Even schools with more affluent student populations are supplementing their lessons with videos from the Khan Academy. R.N. Podar School in Mumbai found it difficult to accommodate computer lab slots for all its students. Instead, the school has started assigning course-specific video tutorials as homework to its 2,700 students, who come from middle-class families with Internet access at home.

“Now the teacher’s time is spent not in preparing lectures but in understanding the class and designing classroom interaction with differentiated instructions where peer learning happens,” said Avnita Bir, R.N. Podar School’s principal, in a telephone interview.

One of Mrs. Bir’s concerns has been high levels of teacher attrition, sometimes even during a school year, and she finds the free online tutorials a much-needed backup to cope with teacher shortages.

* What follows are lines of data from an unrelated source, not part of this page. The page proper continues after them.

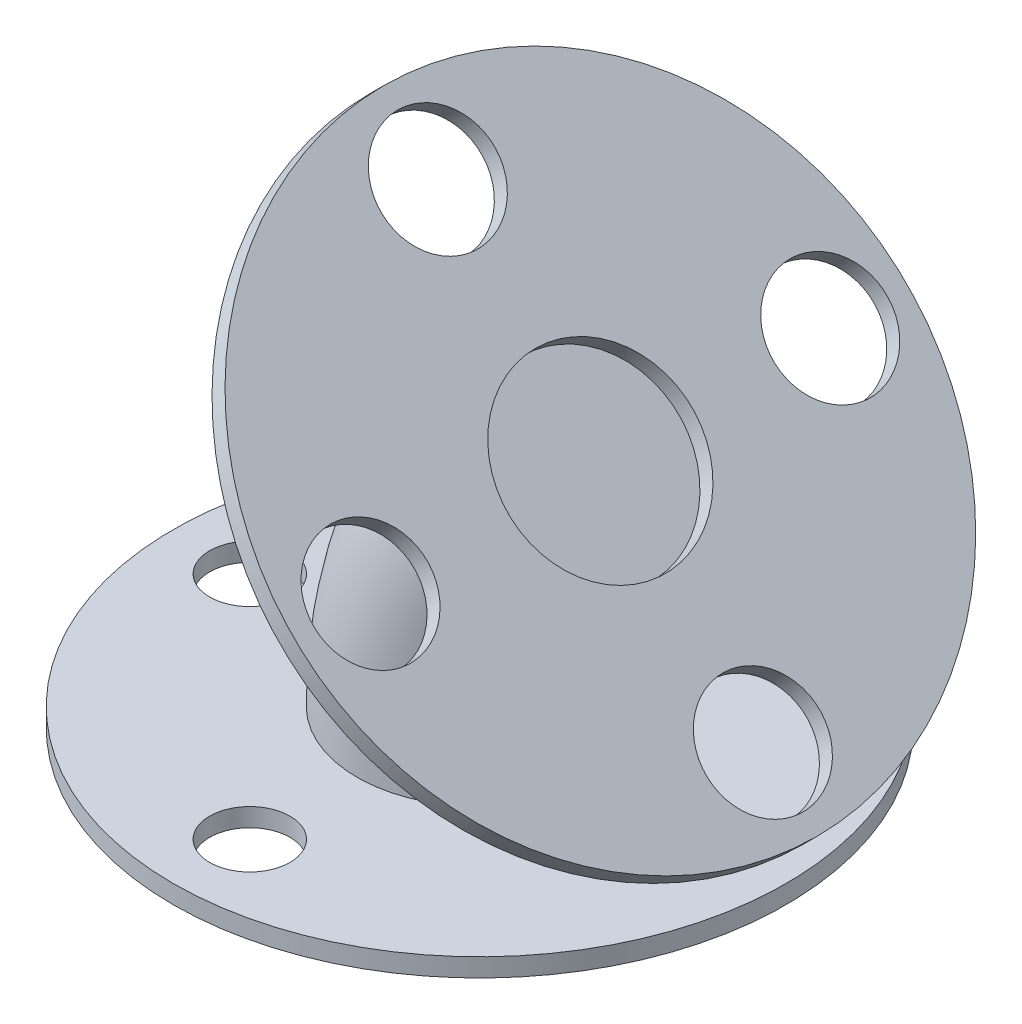
ISO-10303-21;
HEADER;
FILE_DESCRIPTION(('STEP AP214'),'2;1');
FILE_NAME('part.step','',(''),(''),'','','');
FILE_SCHEMA(('AUTOMOTIVE_DESIGN { 1 0 10303 214 1 1 1 1 }'));
ENDSEC;
DATA;
#1=APPLICATION_CONTEXT('core data for automotive mechanical design processes');
#2=APPLICATION_PROTOCOL_DEFINITION('international standard','automotive_design',2000,#1);
#3=PRODUCT_CONTEXT('',#1,'mechanical');
#4=PRODUCT('Part','Part','',(#3));
#5=PRODUCT_RELATED_PRODUCT_CATEGORY('part','',(#4));
#6=PRODUCT_DEFINITION_FORMATION('','',#4);
#7=PRODUCT_DEFINITION_CONTEXT('part definition',#1,'design');
#8=PRODUCT_DEFINITION('design','',#6,#7);
#9=PRODUCT_DEFINITION_SHAPE('','',#8);
#10=(LENGTH_UNIT() NAMED_UNIT(*) SI_UNIT(.MILLI.,.METRE.));
#11=(NAMED_UNIT(*) PLANE_ANGLE_UNIT() SI_UNIT($,.RADIAN.));
#12=(NAMED_UNIT(*) SI_UNIT($,.STERADIAN.) SOLID_ANGLE_UNIT());
#13=UNCERTAINTY_MEASURE_WITH_UNIT(LENGTH_MEASURE(1.E-05),#10,'distance_accuracy_value','');
#14=(GEOMETRIC_REPRESENTATION_CONTEXT(3) GLOBAL_UNCERTAINTY_ASSIGNED_CONTEXT((#13)) GLOBAL_UNIT_ASSIGNED_CONTEXT((#10,
#11,#12)) REPRESENTATION_CONTEXT('',''));
#15=CARTESIAN_POINT('',(0.,0.,0.));
#16=DIRECTION('',(0.,0.,1.));
#17=DIRECTION('',(1.,0.,0.));
#18=AXIS2_PLACEMENT_3D('',#15,#16,#17);
#19=CARTESIAN_POINT('',(0.,0.,0.));
#20=DIRECTION('',(0.,0.,1.));
#21=DIRECTION('',(1.,0.,0.));
#22=AXIS2_PLACEMENT_3D('',#19,#20,#21);
#23=TOROIDAL_SURFACE('',#22,60.,20.);
#24=CARTESIAN_POINT('',(-42.4264068711931,42.4264068711926,0.));
#25=DIRECTION('',(0.707106781186543,0.707106781186552,0.));
#26=DIRECTION('',(0.,0.,1.));
#27=AXIS2_PLACEMENT_3D('',#24,#25,#26);
#28=CIRCLE('',#27,20.);
#29=CARTESIAN_POINT('',(-56.5685424949241,56.5685424949235,0.));
#30=VERTEX_POINT('',#29);
#31=EDGE_CURVE('E10',#30,#30,#28,.T.);
#32=CARTESIAN_POINT('',(-60.,0.,0.));
#33=DIRECTION('',(0.,1.,0.));
#34=DIRECTION('',(0.,0.,1.));
#35=AXIS2_PLACEMENT_3D('',#32,#33,#34);
#36=CIRCLE('',#35,20.);
#37=CARTESIAN_POINT('',(-80.,0.,0.));
#38=VERTEX_POINT('',#37);
#39=EDGE_CURVE('E44',#38,#38,#36,.T.);
#40=CARTESIAN_POINT('',(0.,0.,0.));
#41=DIRECTION('',(0.,0.,1.));
#42=DIRECTION('',(1.,0.,0.));
#43=AXIS2_PLACEMENT_3D('',#40,#41,#42);
#44=CIRCLE('',#43,80.);
#45=EDGE_CURVE('',#30,#38,#44,.T.);
#46=ORIENTED_EDGE('',*,*,#31,.F.);
#47=ORIENTED_EDGE('',*,*,#39,.T.);
#48=ORIENTED_EDGE('',*,*,#45,.T.);
#49=ORIENTED_EDGE('',*,*,#45,.F.);
#50=EDGE_LOOP('',(#46,#48,#47,#49));
#51=FACE_BOUND('',#50,.T.);
#52=ADVANCED_FACE('F41',(#51),#23,.T.);
#53=CARTESIAN_POINT('',(-40.3050865276335,44.5477272147522,0.));
#54=DIRECTION('',(-0.707106781186543,-0.707106781186552,0.));
#55=DIRECTION('',(0.707106781186552,-0.707106781186543,0.));
#56=AXIS2_PLACEMENT_3D('',#53,#54,#55);
#57=CYLINDRICAL_SURFACE('',#56,50.);
#58=CARTESIAN_POINT('',(-40.3050865276335,44.5477272147522,0.));
#59=DIRECTION('',(0.707106781186543,0.707106781186552,0.));
#60=DIRECTION('',(-0.707106781186552,0.707106781186543,0.));
#61=AXIS2_PLACEMENT_3D('',#58,#59,#60);
#62=CIRCLE('',#61,50.);
#63=CARTESIAN_POINT('',(-75.660425586961,79.9030662740794,0.));
#64=VERTEX_POINT('',#63);
#65=EDGE_CURVE('E49',#64,#64,#62,.T.);
#66=ORIENTED_EDGE('',*,*,#65,.F.);
#67=EDGE_LOOP('',(#66));
#68=FACE_BOUND('',#67,.T.);
#69=CARTESIAN_POINT('',(-42.4264068711931,42.4264068711926,0.));
#70=DIRECTION('',(0.707106781186543,0.707106781186552,0.));
#71=DIRECTION('',(-0.707106781186552,0.707106781186543,0.));
#72=AXIS2_PLACEMENT_3D('',#69,#70,#71);
#73=CIRCLE('',#72,50.);
#74=CARTESIAN_POINT('',(-77.7817459305207,77.7817459305198,0.));
#75=VERTEX_POINT('',#74);
#76=EDGE_CURVE('E54',#75,#75,#73,.T.);
#77=ORIENTED_EDGE('',*,*,#76,.T.);
#78=EDGE_LOOP('',(#77));
#79=FACE_BOUND('',#78,.T.);
#80=ADVANCED_FACE('F181',(#68,#79),#57,.T.);
#81=CARTESIAN_POINT('',(-40.3050865276335,44.5477272147522,0.));
#82=DIRECTION('',(0.707106781186543,0.707106781186552,0.));
#83=DIRECTION('',(-0.707106781186552,0.707106781186543,0.));
#84=AXIS2_PLACEMENT_3D('',#81,#82,#83);
#85=PLANE('',#84);
#86=CARTESIAN_POINT('',(-66.8215908221292,71.0642315092476,0.));
#87=DIRECTION('',(0.707106781186543,0.707106781186552,0.));
#88=DIRECTION('',(-0.707106781186552,0.707106781186543,0.));
#89=AXIS2_PLACEMENT_3D('',#86,#87,#88);
#90=CIRCLE('',#89,9.26136337241677);
#91=CARTESIAN_POINT('',(-73.3703636657978,77.6130043529162,0.));
#92=VERTEX_POINT('',#91);
#93=EDGE_CURVE('E65',#92,#92,#90,.T.);
#94=ORIENTED_EDGE('',*,*,#93,.F.);
#95=EDGE_LOOP('',(#94));
#96=FACE_BOUND('',#95,.T.);
#97=CARTESIAN_POINT('',(-40.3050865276337,44.5477272147525,-37.5000000000005));
#98=DIRECTION('',(0.707106781186543,0.707106781186552,0.));
#99=DIRECTION('',(-0.707106781186552,0.707106781186543,0.));
#100=AXIS2_PLACEMENT_3D('',#97,#98,#99);
#101=CIRCLE('',#100,9.26136337241677);
#102=CARTESIAN_POINT('',(-46.8538593713024,51.0965000584211,-37.5000000000005));
#103=VERTEX_POINT('',#102);
#104=EDGE_CURVE('E73',#103,#103,#101,.T.);
#105=ORIENTED_EDGE('',*,*,#104,.F.);
#106=EDGE_LOOP('',(#105));
#107=FACE_BOUND('',#106,.T.);
#108=CARTESIAN_POINT('',(-13.7885822331378,18.0312229202569,-7.85583301239705E-13));
#109=DIRECTION('',(0.707106781186543,0.707106781186552,0.));
#110=DIRECTION('',(-0.707106781186552,0.707106781186543,0.));
#111=AXIS2_PLACEMENT_3D('',#108,#109,#110);
#112=CIRCLE('',#111,9.26136337241677);
#113=CARTESIAN_POINT('',(-20.3373550768064,24.5799957639254,-7.85583301239705E-13));
#114=VERTEX_POINT('',#113);
#115=EDGE_CURVE('E74',#114,#114,#112,.T.);
#116=ORIENTED_EDGE('',*,*,#115,.F.);
#117=EDGE_LOOP('',(#116));
#118=FACE_BOUND('',#117,.T.);
#119=CARTESIAN_POINT('',(-40.3050865276334,44.5477272147521,37.4999999999995));
#120=DIRECTION('',(0.707106781186543,0.707106781186552,0.));
#121=DIRECTION('',(-0.707106781186552,0.707106781186543,0.));
#122=AXIS2_PLACEMENT_3D('',#119,#120,#121);
#123=CIRCLE('',#122,9.26136337241677);
#124=CARTESIAN_POINT('',(-46.853859371302,51.0965000584207,37.4999999999995));
#125=VERTEX_POINT('',#124);
#126=EDGE_CURVE('E89',#125,#125,#123,.T.);
#127=ORIENTED_EDGE('',*,*,#126,.F.);
#128=EDGE_LOOP('',(#127));
#129=FACE_BOUND('',#128,.T.);
#130=CARTESIAN_POINT('',(-40.3050865276335,44.5477272147522,0.));
#131=DIRECTION('',(0.707106781186543,0.707106781186552,0.));
#132=DIRECTION('',(-0.707106781186552,0.707106781186543,0.));
#133=AXIS2_PLACEMENT_3D('',#130,#131,#132);
#134=CIRCLE('',#133,15.);
#135=CARTESIAN_POINT('',(-50.9116882454317,55.1543289325504,0.));
#136=VERTEX_POINT('',#135);
#137=EDGE_CURVE('E61',#136,#136,#134,.T.);
#138=ORIENTED_EDGE('',*,*,#137,.F.);
#139=EDGE_LOOP('',(#138));
#140=FACE_BOUND('',#139,.T.);
#141=ORIENTED_EDGE('',*,*,#65,.T.);
#142=EDGE_LOOP('',(#141));
#143=FACE_BOUND('',#142,.T.);
#144=ADVANCED_FACE('F186',(#96,#107,#118,#129,#140,#143),#85,.T.);
#145=CARTESIAN_POINT('',(-42.4264068711931,42.4264068711926,0.));
#146=DIRECTION('',(0.707106781186543,0.707106781186552,0.));
#147=DIRECTION('',(-0.707106781186552,0.707106781186543,0.));
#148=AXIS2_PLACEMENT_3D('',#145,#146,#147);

Mr. Subbarayan confirmed that Khan Academy had a “brief conversation” with the Indian government to map the Central Board of Secondary Education syllabi to Khan Academy videos and that the nonprofit plans to set up an India office by June next year.

The biggest obstacles to implementing the Web tutorials more widely in India are spotty Internet connectivity, lack of funds to purchase computers and patchy student comprehension of the American-accented English in the videos, although one nonprofit, the Central Square Foundation, is dubbing Khan Academy videos into Indian-accented English.

But Mr. Subbarayan was optimistic that Khan Academy could help India’s education system.

“The price of technology is falling and India can skip generations in education, but you need the right mindset,” he said. “Education is a right, and everybody has a right for good-quality education.”